I would go with a transfer switch sized to your current main panel, a 400A is way overkill unless you have a large shop or heavy equipment, in witch case you would be better to just take care of the house power. A 200A transfer switch would be adequate for a 40kW genset. As far as what I recommend, the first 4 brands above, Generac is somewhat iffy in my experience.  I would get the correct sized transfer switch and you need to determine if it can be installed, and if you need a service entrance type. At 200A, I would go with an automatic switch if the genset can be wired for auto start. The automatic systems also have sensors for things like low oil, overspeed/under speed, etc.


----------



## MattM (Sep 10, 2017)

mksj said:


> I have installed a few generators, and also considered one for my current house. I agree with Matt, it is much easier to have a generator big enough for the whole house load, rather than have separate breakout circuits in a sub panel that are handled by the generator.  The transfer switch needs to be sized for the whole hose load. Older panels/houses were often 200A, newer house (larger) house tend to have higher amperage panels, my house service entrance is designed with a 200A main panel and an additional 100A  breaker can be added if needed so I would need a 300A transfer switch. So the problem is that 200A automatic transfer switches are fairly common and they run $600-700. These are usually automatic type so they have a genset exerciser, sense line drop outs and also wait a specified time before before transfer back to house power and then have a cool down period for the generator.  The common brands are Kohler, Honeywell, ASCO, Eaton, Winco, Generac, etc.. A manual transfer switch runs about $400. So at the 200A level it probably pays to go with an automatic. But above 200A the price of the automatic transfer switches in the 300-400A are 2-3X more expensive than the 200A. A manual 300-400A switch runs about $800, more if for a service entrance. If you cannot breakout the power after your main house breaker then you need a service entrance rated transfer switch and UL approved, which is very pricey.  My last house I was able to put the transfer switch after the main house breaker, but many service entrance panels the main breaker  is incorporated into the mains panel and you then need to use a service entrance transfer switch which is much more expensive. Not to be pessimistic, but if the panel is not rated correctly or is wired wrong and something happens, your insurance can deny coverage.
> 
> I would go with a transfer switch sized to your current main panel, a 400A is way overkill unless you have a large shop or heavy equipment, in witch case you would be better to just take care of the house power. A 200A transfer switch would be adequate for a 40kW genset. As far as what I recommend, the first 4 brands above, Generac is somewhat iffy in my experience.  I would get the correct sized transfer switch and you need to determine if it can be installed, and if you need a service entrance type. At 200A, I would go with an automatic switch if the genset can be wired for auto start. The automatic systems also have sensors for things like low oil, overspeed/under speed, etc.


----------



## MattM (Sep 11, 2017)

Very helpful.

The house has 400amps incoming which is split into two 200 amp sub panels.  The sub panels (which are 90% full) are some distance from the genset.  The genset is close to the main service entrance.  We certainly don't need all 400 amps anytime much less in an outage.

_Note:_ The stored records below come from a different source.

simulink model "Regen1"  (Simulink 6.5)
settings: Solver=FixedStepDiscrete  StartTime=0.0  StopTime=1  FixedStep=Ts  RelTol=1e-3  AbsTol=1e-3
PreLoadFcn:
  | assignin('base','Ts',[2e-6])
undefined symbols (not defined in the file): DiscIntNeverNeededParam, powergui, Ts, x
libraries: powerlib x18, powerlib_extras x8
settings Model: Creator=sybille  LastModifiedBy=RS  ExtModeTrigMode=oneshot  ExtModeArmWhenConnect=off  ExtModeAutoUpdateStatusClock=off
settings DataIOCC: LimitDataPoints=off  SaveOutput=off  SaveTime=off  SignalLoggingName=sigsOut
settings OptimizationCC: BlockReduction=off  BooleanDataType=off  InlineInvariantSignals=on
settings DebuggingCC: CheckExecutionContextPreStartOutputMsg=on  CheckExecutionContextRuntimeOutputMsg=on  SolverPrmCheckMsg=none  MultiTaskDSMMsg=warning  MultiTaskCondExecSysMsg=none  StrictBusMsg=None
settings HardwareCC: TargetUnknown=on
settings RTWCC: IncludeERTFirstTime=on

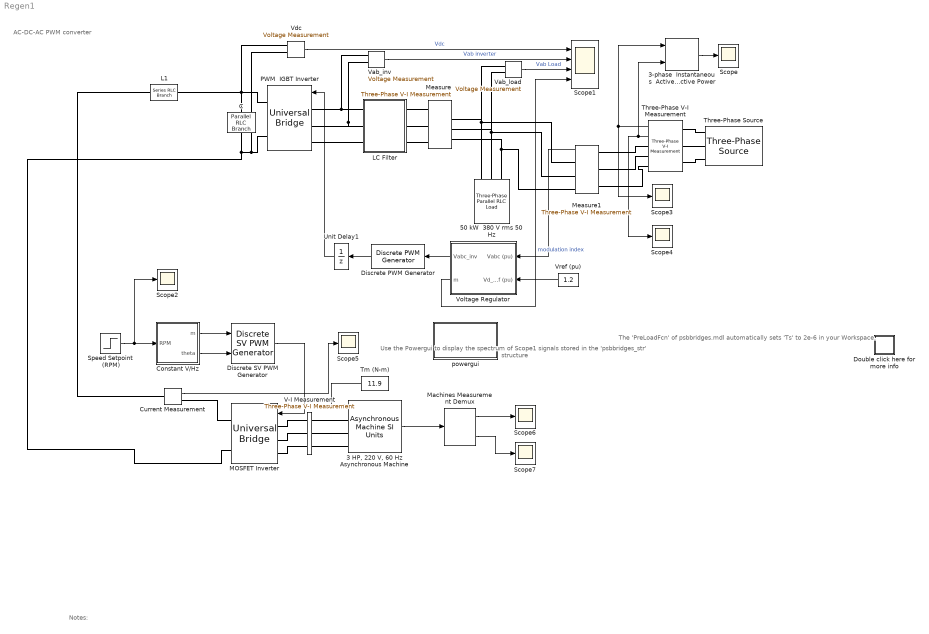
== system Regen1 ==
  note: AC-DC-AC PWM converter
  note: The 'PreLoadFcn' of psbbridges.mdl
      | automatically sets 'Ts' to 2e-6 in your Workspace.
  note: Use the Powergui to display
      | the spectrum of Scope1 signals
      | stored in the  'psbbridges_str'
      | structure
  note: Notes:
  "3 HP, 220 V, 60 Hz Asynchronous Machine" : powerlib/Machines/Asynchronous Machine SI Units  DialogController=PMDialogs.PMDefaultMaskDlg  SystemSampleTime=-1  PresetModel=No  MechanicalLoad=Torque Tm  ShowDetailedParameters=on  RotorType=Squirrel-cage  ReferenceFrame=Stationary  NominalParameters=[ 3*746, 220, 60 ]  Stator="[ 0.435  2*2.0e-3 ]"  Rotor="[ 0.816  2.0e-3 ]"  Lm=69.31e-3  Mechanical="[ 0.089  0  2 ]"  PolePairs=2  InitialConditions=[0.044533 0 11.138 11.138 11.138 -39.6 -159.6 80.4]  Units=1  LoadFlowParameters=2000  SimulateSaturation=off  Saturation=[0 0;0 0]
  3-phase  Instantaneous  Active & Reactive Power : powerlib_extras/Measurements/3-phase  Instantaneous  Active & Reactive Power  DialogController=PMDialogs.PMDefaultMaskDlg  SystemSampleTime=-1
  50 kW  380 V rms 50 Hz : powerlib/Elements/Three-Phase Parallel RLC Load  Orientation=down  DialogController=PMDialogs.PMDefaultMaskDlg  PhysicalDomain=powersysdomain  SubClassName=unknown  LeftPortType=p1  RightPortType=p1  LConnTagsString=A|B|C  Configuration=Y (grounded)  NominalVoltage=380  NominalFrequency=50  ActivePower=0  InductivePower=0  CapacitivePower=0  Measurements=None
  C : powerlib/Elements/Parallel RLC Branch  Orientation=down  DialogController=PMDialogs.PMDefaultMaskDlg  PhysicalDomain=powersysdomain  SubClassName=unknown  LeftPortType=p1  RightPortType=p1  LConnTagsString=a  RConnTagsString=__new0  BranchType=C  Resistance=1.0  Inductance=1.0  SetiL0=off  InitialCurrent=0  Capacitance=5000e-06  Setx0=off  InitialVoltage=0  Measurements=None
  Constant V/Hz : Subsystem
  Current Measurement : powerlib/Measurements/Current Measurement  DialogController=PMDialogs.PMDefaultMaskDlg  SystemSampleTime=-1  PhasorSimulation=off  OutputType=Complex  PSBequivalent=0
  Discrete PWM Generator : powerlib_extras/Discrete  Control Blocks/Discrete PWM Generator  Orientation=left  DialogController=PMDialogs.PMDefaultMaskDlg  SystemSampleTime=-1  GeneratorMode="3-arm  bridge (6 pulses)"  Fc=2000  Ts=Ts  Internal=off  mIndex=0.4  Freq=60  Phase=0
  Discrete SV PWM Generator : powerlib_extras/Discrete  Control Blocks/Discrete SV PWM Generator  DialogController=PMDialogs.PMDefaultMaskDlg  SystemSampleTime=-1  InputType=Magnitude-Angle (rad)  SwitchingPattern=Pattern #1  Fc=1980  ParUref=[0.8 -30 50]  Ts=Ts
  Double click here for more info : Subsystem
      settings: OpenFcn=showdemo(bdroot(gcb))
      mask Display: disp('?')
  L1 : powerlib/Elements/Series RLC Branch  DialogController=PMDialogs.PMDefaultMaskDlg  PhysicalDomain=powersysdomain  SubClassName=unknown  LeftPortType=p1  RightPortType=p1  LConnTagsString=__new0  RConnTagsString=__new0  BranchType=L  Resistance=1.0  Inductance=200e-6  SetiL0=off  InitialCurrent=0  Capacitance=1.0  Setx0=off  InitialVoltage=0  Measurements=None
  LC Filter : Subsystem
  MOSFET Inverter : powerlib/Power Electronics/Universal Bridge  Orientation=left  DialogController=PMDialogs.PMDefaultMaskDlg  SystemSampleTime=-1  Arms=3  SnubberResistance=1e5  SnubberCapacitance=inf  Device=MOSFET / Diodes  Ron=0.2e-3  Lon=0  ForwardVoltages="[  0  0  ]"  ForwardVoltage=0  GTOparameters=[ 10e-6 , 20e-6 ]  IGBTparameters=[ 1e-6 , 2e-6 ]  Measurements=None  converterType=Rectifier
  Machines Measurement Demux : powerlib/Machines/Machines Measurement Demux  DialogController=PMDialogs.PMDefaultMaskDlg  SystemSampleTime=-1  machType=Asynchronous  ssm1=on  ssm2=on  ssm3=on  ssm4=on  ssm5=on  ssm6=on  sm1=off  sm2=off  sm3=off  sm4=off  sm5=off  sm6=off  sm7=off  sm8=on  sm9=off  sm10=off  sm11=off  sm115=off  sm12=off  sm13=off  sm14=off  asm1=off  asm2=off  asm3=off  asm4=off  asm5=on  asm6=off  asm7=off  asm8=off  asm9=on  asm10=off  asm11=off  pmsm1=on  pmsm2=on  pmsm3=on  pmsm4=off  pmsm5=on  pmsm6=on  pmsm7=on  lastType=1
  Measure : powerlib/Measurements/Three-Phase V-I Measurement  DialogController=PMDialogs.PMDefaultMaskDlg  SystemSampleTime=-1  VoltageMeasurement=phase-to-ground  SetLabelV=off  LabelV=V1  Vpu=on  CurrentMeasurement=no  SetLabelI=off  LabelI=I1  Ipu=off  Pbase=1e3  Vbase=380  OutputType=Magnitude  PhasorSimulation=off  PSBequivalent=0
  Measure1 : powerlib/Measurements/Three-Phase V-I Measurement  Orientation=left  DialogController=PMDialogs.PMDefaultMaskDlg  SystemSampleTime=-1  VoltageMeasurement=phase-to-ground  SetLabelV=off  LabelV=V1  Vpu=on  CurrentMeasurement=no  SetLabelI=off  LabelI=I1  Ipu=off  Pbase=1e3  Vbase=380  OutputType=Magnitude  PhasorSimulation=off  PSBequivalent=0
  PWM  IGBT Inverter : powerlib/Power Electronics/Universal Bridge  Orientation=left  DialogController=PMDialogs.PMDefaultMaskDlg  SystemSampleTime=-1  Arms=3  SnubberResistance=5000  SnubberCapacitance=inf  Device=IGBT / Diodes  Ron=1e-3  Lon=0  ForwardVoltages="[  0.0  0.0  ]"  ForwardVoltage=.8  GTOparameters=[ 1e-6 ,1e-6 ]  IGBTparameters=[ 1e-6 , 2e-6 ]  Measurements=Device currents  converterType=Rectifier
  Scope{,2..7} (7 alike) : Scope
      Scope settings: MaxDataPoints=10000000  SampleInput=on  SampleTime=2e-6
      Scope2 settings: MaxDataPoints=10000000  SampleInput=on  SampleTime=2e-6
      Scope3 settings: SaveName=ScopeData2  MaxDataPoints=10000000  SampleInput=on  SampleTime=2e-6
      Scope4 settings: SaveName=ScopeData3  MaxDataPoints=10000000  SampleInput=on  SampleTime=2e-6
      Scope5 settings: SaveName=ScopeData4  MaxDataPoints=10000000  SampleInput=on  SampleTime=2e-6
      Scope6 settings: SaveName=ScopeData5  MaxDataPoints=10000000  SampleInput=on  SampleTime=2e-6
      Scope7 settings: YMin=124.5  YMax=127.25  SaveName=ScopeData6  MaxDataPoints=10000000  SampleInput=on  SampleTime=2e-6
  Scope1 : Scope  NumInputPorts=4
      settings: TimeRange=0.1  YMin=0~-1500~-750~0.4  YMax=1100~1500~750~1.1  SaveName=psbbridges_str
  Speed Setpoint (RPM) : Step  Time=0.5  After=1300  SampleTime=Ts
  Three-Phase V-I Measurement : powerlib/Measurements/Three-Phase V-I Measurement  Orientation=left  DialogController=PMDialogs.PMDefaultMaskDlg  SystemSampleTime=-1  VoltageMeasurement=phase-to-ground  SetLabelV=off  LabelV=Vabc  Vpu=off  CurrentMeasurement=yes  SetLabelI=off  LabelI=Iabc  Ipu=off  Pbase=100e6  Vbase=500e3  OutputType=Complex  PhasorSimulation=off  PSBequivalent=0
  Three-Phase Source : powerlib/Electrical Sources/Three-Phase Source  Orientation=left  DialogController=PMDialogs.PMDefaultMaskDlg  SystemSampleTime=-1  Voltage=390  PhaseAngle=0  Frequency=50  InternalConnection=Yg  SpecifyImpedance=off  Resistance=0.00001  Inductance=0.00001  ShortCircuitLevel=100e6  BaseVoltage=25e3  XRratio=7
  Tm (N-m) : Constant  Orientation=left  Value=11.9  OutDataType=sfix(16)  ConRadixGroup=Use specified scaling  OutScaling=2^0  SampleTime=inf  FramePeriod=inf
  Unit Delay1 : UnitDelay  Orientation=left  SampleTime=Ts
  V-I Measurement : powerlib/Measurements/Three-Phase V-I Measurement  DialogController=PMDialogs.PMDefaultMaskDlg  SystemSampleTime=-1  VoltageMeasurement=phase-to-phase  SetLabelV=on  LabelV=Vabc_Stator  Vpu=off  CurrentMeasurement=yes  SetLabelI=on  LabelI=Iabc_Stator  Ipu=off  Pbase=100e6  Vbase=500e3  OutputType=Magnitude  PhasorSimulation=off  PSBequivalent=0
  Vab_inv : powerlib/Measurements/Voltage Measurement  Tag=PoWeRsYsTeMmEaSuReMeNt  DialogController=PMDialogs.PMDefaultMaskDlg  SystemSampleTime=-1  PhasorSimulation=off  OutputType=Magnitude  PSBequivalent=0
  Vab_load : powerlib/Measurements/Voltage Measurement  Tag=PoWeRsYsTeMmEaSuReMeNt  DialogController=PMDialogs.PMDefaultMaskDlg  SystemSampleTime=-1  PhasorSimulation=off  OutputType=Magnitude  PSBequivalent=0
  Vdc : powerlib/Measurements/Voltage Measurement  Tag=PoWeRsYsTeMmEaSuReMeNt  DialogController=PMDialogs.PMDefaultMaskDlg  SystemSampleTime=-1  PhasorSimulation=off  OutputType=Magnitude  PSBequivalent=0
  Voltage Regulator : Subsystem  Orientation=left  mask( Voltage Regulator){Kp=0.4, Ki=500, Ts=Ts}
      mask prompts: Kp "Proportional gain  Kp:"; Ki "Integral gain Ki:"; Ts "Sample time (s) :"
  "Vref (pu) " : Constant  Orientation=left  Value=1.2  OutDataType=sfix(16)  ConRadixGroup=Use specified scaling  OutScaling=2^0  SampleTime=inf  FramePeriod=inf
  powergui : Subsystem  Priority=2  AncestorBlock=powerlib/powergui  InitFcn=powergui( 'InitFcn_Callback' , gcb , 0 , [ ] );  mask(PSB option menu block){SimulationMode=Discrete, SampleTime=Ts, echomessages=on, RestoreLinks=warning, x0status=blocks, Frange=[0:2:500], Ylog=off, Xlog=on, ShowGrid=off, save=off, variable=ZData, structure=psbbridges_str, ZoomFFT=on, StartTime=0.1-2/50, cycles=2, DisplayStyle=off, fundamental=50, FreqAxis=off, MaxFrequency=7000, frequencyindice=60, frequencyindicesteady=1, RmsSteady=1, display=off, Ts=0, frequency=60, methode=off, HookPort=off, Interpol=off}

I'm thinking in the case of an outage (or once a month) to light up everything and put a healthy load on the genset.  Having had boats with diesels and having owned a marine diesel rebuild company I know diesels like to run hot and under load.

Like I said this is way overkill.


----------



## GoceKU (Sep 11, 2017)

Matt i would suggest visit couple of scrap yards that buy industrial machines, and i would suggest find switch with two positions, 0,1,2 so you can switch between city power and generator power, i also own an 30 kw diesel generator i only have 100 a three phase 380 v selector switch.


----------



## MattM (Sep 11, 2017)

GoceKU said:


> Matt i would suggest visit couple of scrap yards that buy industrial machines, and i would suggest find switch with two positions, 0,1,2 so you can switch between city power and generator power, i also own an 30 kw diesel generator i only have 100 a three phase 380 v selector switch.



Can't do that.  Must be a "legal" "approved" unit before a licensed electrician will install it and I'm not at all comfortable working around 400amps.

I did however install such a switch on an off-grid system but I was only dealing with 6.5kw and 30amps.  Out there we, "Didn't need no stinkin permits" (or licensed electricians).


----------



## GoceKU (Sep 12, 2017)

MattM said:


> Can't do that. Must be a "legal" "approved"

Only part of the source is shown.